╭─ Data excerpts

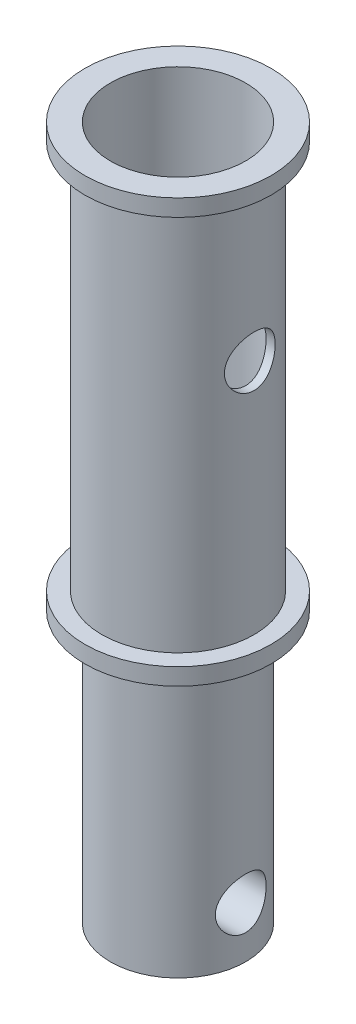
ISO-10303-21;
HEADER;
FILE_DESCRIPTION(('STEP AP214'),'2;1');
FILE_NAME('part.step','',(''),(''),'','','');
FILE_SCHEMA(('AUTOMOTIVE_DESIGN { 1 0 10303 214 1 1 1 1 }'));
ENDSEC;
DATA;
#1=APPLICATION_CONTEXT('core data for automotive mechanical design processes');
#2=APPLICATION_PROTOCOL_DEFINITION('international standard','automotive_design',2000,#1);
#3=PRODUCT_CONTEXT('',#1,'mechanical');
#4=PRODUCT('Part','Part','',(#3));
#5=PRODUCT_RELATED_PRODUCT_CATEGORY('part','',(#4));
#6=PRODUCT_DEFINITION_FORMATION('','',#4);
#7=PRODUCT_DEFINITION_CONTEXT('part definition',#1,'design');
#8=PRODUCT_DEFINITION('design','',#6,#7);
#9=PRODUCT_DEFINITION_SHAPE('','',#8);
#10=(LENGTH_UNIT() NAMED_UNIT(*) SI_UNIT(.MILLI.,.METRE.));
#11=(NAMED_UNIT(*) PLANE_ANGLE_UNIT() SI_UNIT($,.RADIAN.));
#12=(NAMED_UNIT(*) SI_UNIT($,.STERADIAN.) SOLID_ANGLE_UNIT());
#13=UNCERTAINTY_MEASURE_WITH_UNIT(LENGTH_MEASURE(1.E-05),#10,'distance_accuracy_value','');
#14=(GEOMETRIC_REPRESENTATION_CONTEXT(3) GLOBAL_UNCERTAINTY_ASSIGNED_CONTEXT((#13)) GLOBAL_UNIT_ASSIGNED_CONTEXT((#10,
#11,#12)) REPRESENTATION_CONTEXT('',''));
#15=CARTESIAN_POINT('',(0.,0.,0.));
#16=DIRECTION('',(0.,0.,1.));
#17=DIRECTION('',(1.,0.,0.));
#18=AXIS2_PLACEMENT_3D('',#15,#16,#17);
#19=CARTESIAN_POINT('',(0.,25.,0.));
#20=DIRECTION('',(0.,-1.,0.));
#21=DIRECTION('',(0.,0.,-1.));
#22=AXIS2_PLACEMENT_3D('',#19,#20,#21);
#23=CYLINDRICAL_SURFACE('',#22,4.5);
#24=CARTESIAN_POINT('',(-4.24264068711928,15.,-1.5));
#25=CARTESIAN_POINT('',(-4.24264041795651,15.0817022622541,-1.50000038692157));
#26=CARTESIAN_POINT('',(-4.24502653936286,15.1634021997354,-1.49330217552828));
#27=CARTESIAN_POINT('',(-4.25426361121882,15.3243816314914,-1.46677669753321));
#28=CARTESIAN_POINT('',(-4.26111529713283,15.4036607248087,-1.4469472682526));
#29=CARTESIAN_POINT('',(-4.27842305533187,15.5574403394959,-1.39493322852736));
#30=CARTESIAN_POINT('',(-4.28887205956983,15.6319498941641,-1.36277283210487));
#31=CARTESIAN_POINT('',(-4.31218683015487,15.7745400728219,-1.28709244266207));
#32=CARTESIAN_POINT('',(-4.32505312955418,15.8426192738304,-1.24356994329027));
#33=CARTESIAN_POINT('',(-4.3523173411121,15.9730799435075,-1.14457671966432));
#34=CARTESIAN_POINT('',(-4.36675342266966,16.0351731430076,-1.08873651206688));
#35=CARTESIAN_POINT('',(-4.39520797201504,16.149310201837,-0.967481500821593));
#36=CARTESIAN_POINT('',(-4.40922637243442,16.2013524473736,-0.902065162578564));
#37=CARTESIAN_POINT('',(-4.43570800382698,16.2952183459944,-0.761406761947516));
#38=CARTESIAN_POINT('',(-4.44812111552408,16.3367399559269,-0.685952866836789));
#39=CARTESIAN_POINT('',(-4.46954380156474,16.4063873776913,-0.528646834481211));
#40=CARTESIAN_POINT('',(-4.47855429304502,16.4345167997654,-0.446796428530818));
#41=CARTESIAN_POINT('',(-4.49188613147861,16.4756037819486,-0.282043226150241));
#42=CARTESIAN_POINT('',(-4.49635972166341,16.4890551693855,-0.199276132279451));
#43=CARTESIAN_POINT('',(-4.5006541232737,16.501974440041,-0.0325468122361348));
#44=CARTESIAN_POINT('',(-4.50047613394335,16.5014459274786,0.0514151003158411));
#45=CARTESIAN_POINT('',(-4.49559059428104,16.486733618151,0.214655272790728));
#46=CARTESIAN_POINT('',(-4.49106097132703,16.4730862072882,0.293988072887503));
#47=CARTESIAN_POINT('',(-4.47820451009571,16.4334105285293,0.449165158233243));
#48=CARTESIAN_POINT('',(-4.46987741446672,16.4073814215304,0.525009206668765));
#49=CARTESIAN_POINT('',(-4.45013505439938,16.3433680240408,0.672228712263021));
#50=CARTESIAN_POINT('',(-4.43868063786404,16.3052310921798,0.743532331453498));
#51=CARTESIAN_POINT('',(-4.41387589557997,16.2182104418274,0.878886488290755));
#52=CARTESIAN_POINT('',(-4.40052504300777,16.16932373501,0.942935001577155));
#53=CARTESIAN_POINT('',(-4.37259287776335,16.0594884098089,1.06515129982786));
#54=CARTESIAN_POINT('',(-4.35798322759,15.9980802632318,1.12290023560133));
#55=CARTESIAN_POINT('',(-4.32971002867667,15.866326911416,1.22741588939384));
#56=CARTESIAN_POINT('',(-4.31604662597175,15.7959803314301,1.27418091490951));
#57=CARTESIAN_POINT('',(-4.29105787703296,15.6470195615769,1.3559811825641));
#58=CARTESIAN_POINT('',(-4.27976864008232,15.5683018029483,1.39083969547657));
#59=CARTESIAN_POINT('',(-4.26122476317448,15.4056429086006,1.44666478994926));
#60=CARTESIAN_POINT('',(-4.25396843251835,15.3217039781673,1.46763719363329));
#61=CARTESIAN_POINT('',(-4.24469454453105,15.1550424668991,1.49424192313571));
#62=CARTESIAN_POINT('',(-4.24245540472709,15.0724358628814,1.50052364325862));
#63=CARTESIAN_POINT('',(-4.24285008094201,14.9073357763244,1.49940815836741));
#64=CARTESIAN_POINT('',(-4.24548301189152,14.8248422759629,1.49201343784089));
#65=CARTESIAN_POINT('',(-4.25510427134068,14.6652645514333,1.46433847732775));
#66=CARTESIAN_POINT('',(-4.2619398816089,14.588091854774,1.44450959097083));
#67=CARTESIAN_POINT('',(-4.27902830506905,14.4381845906409,1.39307079384089));
#68=CARTESIAN_POINT('',(-4.2892817240236,14.3654508126138,1.36145879454519));
#69=CARTESIAN_POINT('',(-4.31245316393576,14.2239293687296,1.28621151110835));
#70=CARTESIAN_POINT('',(-4.32544538498415,14.1553400360373,1.24222667753773));
#71=CARTESIAN_POINT('',(-4.35248653096476,14.0262809214244,1.14387844583635));
#72=CARTESIAN_POINT('',(-4.36653576665699,13.9658135420082,1.08951198824818));
#73=CARTESIAN_POINT('',(-4.39492557956765,13.8517080238641,0.968837558850484));
#74=CARTESIAN_POINT('',(-4.40924765366843,13.7985384149717,0.902080905819977));
#75=CARTESIAN_POINT('',(-4.43590277419665,13.7041257864779,0.760240937100386));
#76=CARTESIAN_POINT('',(-4.44823589126543,13.6628823432564,0.685157917296828));
#77=CARTESIAN_POINT('',(-4.46946608715904,13.5938698427074,0.529169793648442));
#78=CARTESIAN_POINT('',(-4.47838545006797,13.5660130842779,0.448306684981794));
#79=CARTESIAN_POINT('',(-4.49187916256662,13.5244083869098,0.282687698769024));
#80=CARTESIAN_POINT('',(-4.49645508051028,13.5106553551792,0.197933237930834));
#81=CARTESIAN_POINT('',(-4.50062794854384,13.4981068835915,0.0312230037900605));
#82=CARTESIAN_POINT('',(-4.50044880134159,13.4986388191014,-0.0506770858800288));
#83=CARTESIAN_POINT('',(-4.49568294779097,13.5129859622196,-0.213166717500262));
#84=CARTESIAN_POINT('',(-4.49109659900364,13.5268000922292,-0.293756365228586));
#85=CARTESIAN_POINT('',(-4.47811372431618,13.5668733518639,-0.450063179148089));
#86=CARTESIAN_POINT('',(-4.46977887541723,13.5929313230294,-0.525837406369185));
#87=CARTESIAN_POINT('',(-4.45015741056742,13.6565662966457,-0.671967526409694));
#88=CARTESIAN_POINT('',(-4.43887026072025,13.6941453827955,-0.742322436213649));
#89=CARTESIAN_POINT('',(-4.41398803241821,13.781354268153,-0.878451024463179));
#90=CARTESIAN_POINT('',(-4.4003230873789,13.8313780280725,-0.943959377336412));
#91=CARTESIAN_POINT('',(-4.37239483187819,13.9413860867343,-1.06587153940864));
#92=CARTESIAN_POINT('',(-4.35813133159646,14.0013735633941,-1.12227243243689));
#93=CARTESIAN_POINT('',(-4.32994919738397,14.1324140333804,-1.22661271324968));
#94=CARTESIAN_POINT('',(-4.31606591982946,14.203808266465,-1.27413444899685));
#95=CARTESIAN_POINT('',(-4.29090289984523,14.3540016403542,-1.35647151495167));
#96=CARTESIAN_POINT('',(-4.27962247741874,14.4327988395445,-1.39129016522921));
#97=CARTESIAN_POINT('',(-4.26152001309772,14.5919427360234,-1.44576574230625));
#98=CARTESIAN_POINT('',(-4.25451949285773,14.6720583952881,-1.46603686372428));
#99=CARTESIAN_POINT('',(-4.24508075309277,14.8347840757001,-1.4931514802239));
#100=CARTESIAN_POINT('',(-4.24264095926192,14.9173932261161,-1.49999960879489));
#101=CARTESIAN_POINT('',(-4.24264068711928,15.,-1.5));
#102=B_SPLINE_CURVE_WITH_KNOTS('',3,(#24,#25,#26,#27,#28,#29,#30,#31,#32,#33,#34,#35,#36,#37,
#38,#39,#40,#41,#42,#43,#44,#45,#46,#47,#48,#49,#50,#51,#52,#53,#54,#55,#56,#57,#58,#59,#60,#61,
#62,#63,#64,#65,#66,#67,#68,#69,#70,#71,#72,#73,#74,#75,#76,#77,#78,#79,#80,#81,#82,#83,#84,#85,
#86,#87,#88,#89,#90,#91,#92,#93,#94,#95,#96,#97,#98,#99,#100,#101),.UNSPECIFIED.,.T.,.F.,(4,2,2,
2,2,2,2,2,2,2,2,2,2,2,2,2,2,2,2,2,2,2,2,2,2,2,2,2,2,2,2,2,2,2,2,2,2,2,4),(0.,0.244800877199035,
0.489642082522746,0.734004941251242,0.978421749278164,1.23152006141352,1.48465897757982,
1.74440259215486,2.00407614580184,2.25471478147402,2.50528879953491,2.74603507238354,
2.98679766283855,3.23072482290503,3.47471987811033,3.73020261545877,3.98572469418159,
4.24488959763007,4.50394577031476,4.75131437043211,4.99863803752403,5.23746593649716,
5.47633618716971,5.72278286600124,5.96930228489743,6.22768212253191,6.48605278132851,
6.74270686782829,6.99926824502787,7.24377127013005,7.48825446011224,7.72885434057197,
7.96949776141416,8.21903279277503,8.468647566455,8.72803354100769,8.98735167396852,
9.23494818240588,9.48245920782248),.UNSPECIFIED.);
#103=CARTESIAN_POINT('',(-4.24264068711928,15.,-1.5));
#104=VERTEX_POINT('',#103);
#105=EDGE_CURVE('E85',#104,#104,#102,.T.);
#106=ORIENTED_EDGE('',*,*,#105,.T.);
#107=EDGE_LOOP('',(#106));
#108=FACE_BOUND('',#107,.T.);
#109=CARTESIAN_POINT('',(4.24264068711928,15.,-1.5));
#110=CARTESIAN_POINT('',(4.24264041795651,14.9182977377459,-1.50000038692157));
#111=CARTESIAN_POINT('',(4.24502653936286,14.8365978002646,-1.49330217552828));
#112=CARTESIAN_POINT('',(4.25426361121882,14.6756183685086,-1.46677669753321));
#113=CARTESIAN_POINT('',(4.26111529713283,14.5963392751913,-1.4469472682526));
#114=CARTESIAN_POINT('',(4.27842305533187,14.4425596605041,-1.39493322852736));
#115=CARTESIAN_POINT('',(4.28887205956983,14.3680501058359,-1.36277283210487));
#116=CARTESIAN_POINT('',(4.31218683015487,14.2254599271781,-1.28709244266207));
#117=CARTESIAN_POINT('',(4.32505312955418,14.1573807261696,-1.24356994329027));
#118=CARTESIAN_POINT('',(4.3523173411121,14.0269200564925,-1.14457671966432));
#119=CARTESIAN_POINT('',(4.36675342266966,13.9648268569924,-1.08873651206688));
#120=CARTESIAN_POINT('',(4.39520797201504,13.850689798163,-0.967481500821593));
#121=CARTESIAN_POINT('',(4.40922637243442,13.7986475526264,-0.902065162578564));
#122=CARTESIAN_POINT('',(4.43570800382698,13.7047816540056,-0.761406761947516));
#123=CARTESIAN_POINT('',(4.44812111552408,13.6632600440731,-0.685952866836788));
#124=CARTESIAN_POINT('',(4.46954380156474,13.5936126223087,-0.528646834481211));
#125=CARTESIAN_POINT('',(4.47855429304502,13.5654832002346,-0.446796428530818));
#126=CARTESIAN_POINT('',(4.49188613147861,13.5243962180514,-0.282043226150241));
#127=CARTESIAN_POINT('',(4.49635972166341,13.5109448306145,-0.199276132279451));
#128=CARTESIAN_POINT('',(4.5006541232737,13.498025559959,-0.0325468122361353));
#129=CARTESIAN_POINT('',(4.50047613394335,13.4985540725214,0.05141510031584));
#130=CARTESIAN_POINT('',(4.49559059428104,13.513266381849,0.214655272790727));
#131=CARTESIAN_POINT('',(4.49106097132703,13.5269137927118,0.293988072887501));
#132=CARTESIAN_POINT('',(4.4782045100957,13.5665894714707,0.449165158233242));
#133=CARTESIAN_POINT('',(4.46987741446672,13.5926185784696,0.525009206668764));
#134=CARTESIAN_POINT('',(4.45013505439938,13.6566319759592,0.672228712263021));
#135=CARTESIAN_POINT('',(4.43868063786404,13.6947689078202,0.743532331453498));
#136=CARTESIAN_POINT('',(4.41387589557997,13.7817895581726,0.878886488290755));
#137=CARTESIAN_POINT('',(4.40052504300777,13.83067626499,0.942935001577155));
#138=CARTESIAN_POINT('',(4.37259287776335,13.9405115901911,1.06515129982786));
#139=CARTESIAN_POINT('',(4.35798322759,14.0019197367682,1.12290023560133));
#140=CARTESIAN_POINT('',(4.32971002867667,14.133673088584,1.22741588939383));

╰─

> **Exercise**
Pictures excluded, copy the lines exactly from where the material starts to the line with "#17=DIRECTION('',(1.,0.,0.));", inclusive.

> **Answer section**
ISO-10303-21;
HEADER;
FILE_DESCRIPTION(('STEP AP214'),'2;1');
FILE_NAME('part.step','',(''),(''),'','','');
FILE_SCHEMA(('AUTOMOTIVE_DESIGN { 1 0 10303 214 1 1 1 1 }'));
ENDSEC;
DATA;
#1=APPLICATION_CONTEXT('core data for automotive mechanical design processes');
#2=APPLICATION_PROTOCOL_DEFINITION('international standard','automotive_design',2000,#1);
#3=PRODUCT_CONTEXT('',#1,'mechanical');
#4=PRODUCT('Part','Part','',(#3));
#5=PRODUCT_RELATED_PRODUCT_CATEGORY('part','',(#4));
#6=PRODUCT_DEFINITION_FORMATION('','',#4);
#7=PRODUCT_DEFINITION_CONTEXT('part definition',#1,'design');
#8=PRODUCT_DEFINITION('design','',#6,#7);
#9=PRODUCT_DEFINITION_SHAPE('','',#8);
#10=(LENGTH_UNIT() NAMED_UNIT(*) SI_UNIT(.MILLI.,.METRE.));
#11=(NAMED_UNIT(*) PLANE_ANGLE_UNIT() SI_UNIT($,.RADIAN.));
#12=(NAMED_UNIT(*) SI_UNIT($,.STERADIAN.) SOLID_ANGLE_UNIT());
#13=UNCERTAINTY_MEASURE_WITH_UNIT(LENGTH_MEASURE(1.E-05),#10,'distance_accuracy_value','');
#14=(GEOMETRIC_REPRESENTATION_CONTEXT(3) GLOBAL_UNCERTAINTY_ASSIGNED_CONTEXT((#13)) GLOBAL_UNIT_ASSIGNED_CONTEXT((#10,
#11,#12)) REPRESENTATION_CONTEXT('',''));
#15=CARTESIAN_POINT('',(0.,0.,0.));
#16=DIRECTION('',(0.,0.,1.));
#17=DIRECTION('',(1.,0.,0.));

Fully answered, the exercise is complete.